*EXERCISE BRIEF*
The line containing "Sensor Characterisation/1(actual_reading) ->" marks the end: copy exactly every line from the start of the records below up to and including it, leaving out pictures.

*** Block opens ***

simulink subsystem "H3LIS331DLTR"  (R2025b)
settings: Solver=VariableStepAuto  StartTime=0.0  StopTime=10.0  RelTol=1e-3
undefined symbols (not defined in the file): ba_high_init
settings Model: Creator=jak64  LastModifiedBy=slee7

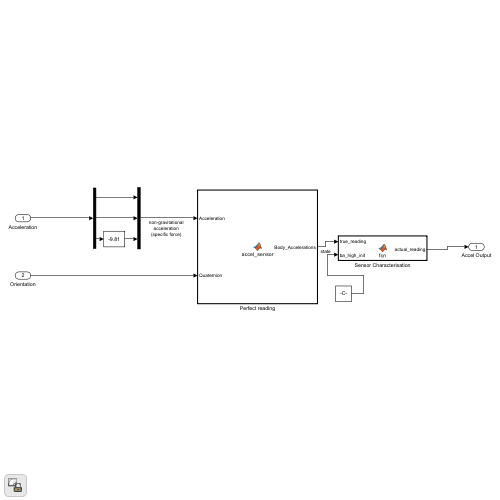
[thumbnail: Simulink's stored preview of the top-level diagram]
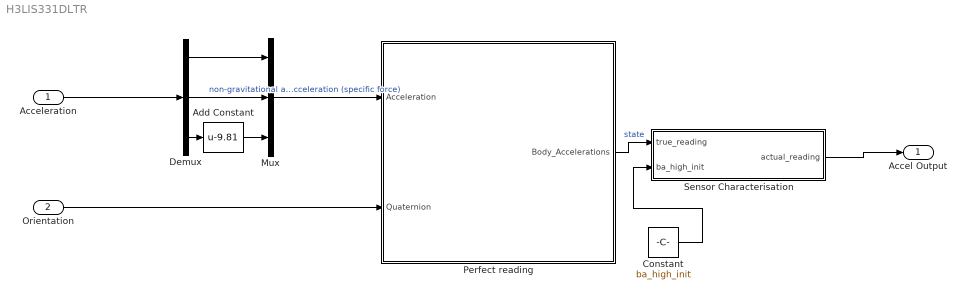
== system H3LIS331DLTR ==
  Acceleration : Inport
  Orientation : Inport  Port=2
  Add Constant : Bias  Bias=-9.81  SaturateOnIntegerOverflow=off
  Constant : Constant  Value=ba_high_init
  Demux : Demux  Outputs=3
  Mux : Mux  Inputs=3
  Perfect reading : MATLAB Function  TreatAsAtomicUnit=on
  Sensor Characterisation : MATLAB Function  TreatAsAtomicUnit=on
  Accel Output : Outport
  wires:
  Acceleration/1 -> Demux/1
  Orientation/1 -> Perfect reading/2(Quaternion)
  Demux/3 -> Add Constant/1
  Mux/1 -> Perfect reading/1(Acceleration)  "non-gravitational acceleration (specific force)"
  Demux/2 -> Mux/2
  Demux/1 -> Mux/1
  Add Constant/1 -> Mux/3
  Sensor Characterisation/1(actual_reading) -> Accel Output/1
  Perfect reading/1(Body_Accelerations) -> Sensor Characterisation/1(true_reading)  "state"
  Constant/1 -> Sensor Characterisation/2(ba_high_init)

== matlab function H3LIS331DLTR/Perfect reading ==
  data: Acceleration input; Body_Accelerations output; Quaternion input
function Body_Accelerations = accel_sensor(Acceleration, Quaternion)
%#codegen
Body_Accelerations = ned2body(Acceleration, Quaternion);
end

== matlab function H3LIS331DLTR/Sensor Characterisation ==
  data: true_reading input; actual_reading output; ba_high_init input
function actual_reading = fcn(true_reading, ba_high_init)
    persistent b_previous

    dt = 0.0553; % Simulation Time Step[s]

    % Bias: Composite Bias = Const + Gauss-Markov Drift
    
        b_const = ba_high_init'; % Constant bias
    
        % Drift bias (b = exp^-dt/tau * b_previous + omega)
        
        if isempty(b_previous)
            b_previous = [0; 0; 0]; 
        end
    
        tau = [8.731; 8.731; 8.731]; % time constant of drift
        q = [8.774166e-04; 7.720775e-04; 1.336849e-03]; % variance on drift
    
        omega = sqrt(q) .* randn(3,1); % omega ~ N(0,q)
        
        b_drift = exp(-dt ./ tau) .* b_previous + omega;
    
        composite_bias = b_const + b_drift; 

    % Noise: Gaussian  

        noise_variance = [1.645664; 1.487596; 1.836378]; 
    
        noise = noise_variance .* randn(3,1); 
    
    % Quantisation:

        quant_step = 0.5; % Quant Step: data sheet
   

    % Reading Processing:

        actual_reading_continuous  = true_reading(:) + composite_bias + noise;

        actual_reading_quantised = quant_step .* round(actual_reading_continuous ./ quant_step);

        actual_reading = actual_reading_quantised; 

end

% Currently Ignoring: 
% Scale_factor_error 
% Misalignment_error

*** Block closes ***

*RESPONSE BOX*
simulink subsystem "H3LIS331DLTR"  (R2025b)
settings: Solver=VariableStepAuto  StartTime=0.0  StopTime=10.0  RelTol=1e-3
undefined symbols (not defined in the file): ba_high_init
settings Model: Creator=jak64  LastModifiedBy=slee7

[thumbnail: Simulink's stored preview of the top-level diagram]
== system H3LIS331DLTR ==
  Acceleration : Inport
  Orientation : Inport  Port=2
  Add Constant : Bias  Bias=-9.81  SaturateOnIntegerOverflow=off
  Constant : Constant  Value=ba_high_init
  Demux : Demux  Outputs=3
  Mux : Mux  Inputs=3
  Perfect reading : MATLAB Function  TreatAsAtomicUnit=on
  Sensor Characterisation : MATLAB Function  TreatAsAtomicUnit=on
  Accel Output : Outport
  wires:
  Acceleration/1 -> Demux/1
  Orientation/1 -> Perfect reading/2(Quaternion)
  Demux/3 -> Add Constant/1
  Mux/1 -> Perfect reading/1(Acceleration)  "non-gravitational acceleration (specific force)"
  Demux/2 -> Mux/2
  Demux/1 -> Mux/1
  Add Constant/1 -> Mux/3
  Sensor Characterisation/1(actual_reading) -> Accel Output/1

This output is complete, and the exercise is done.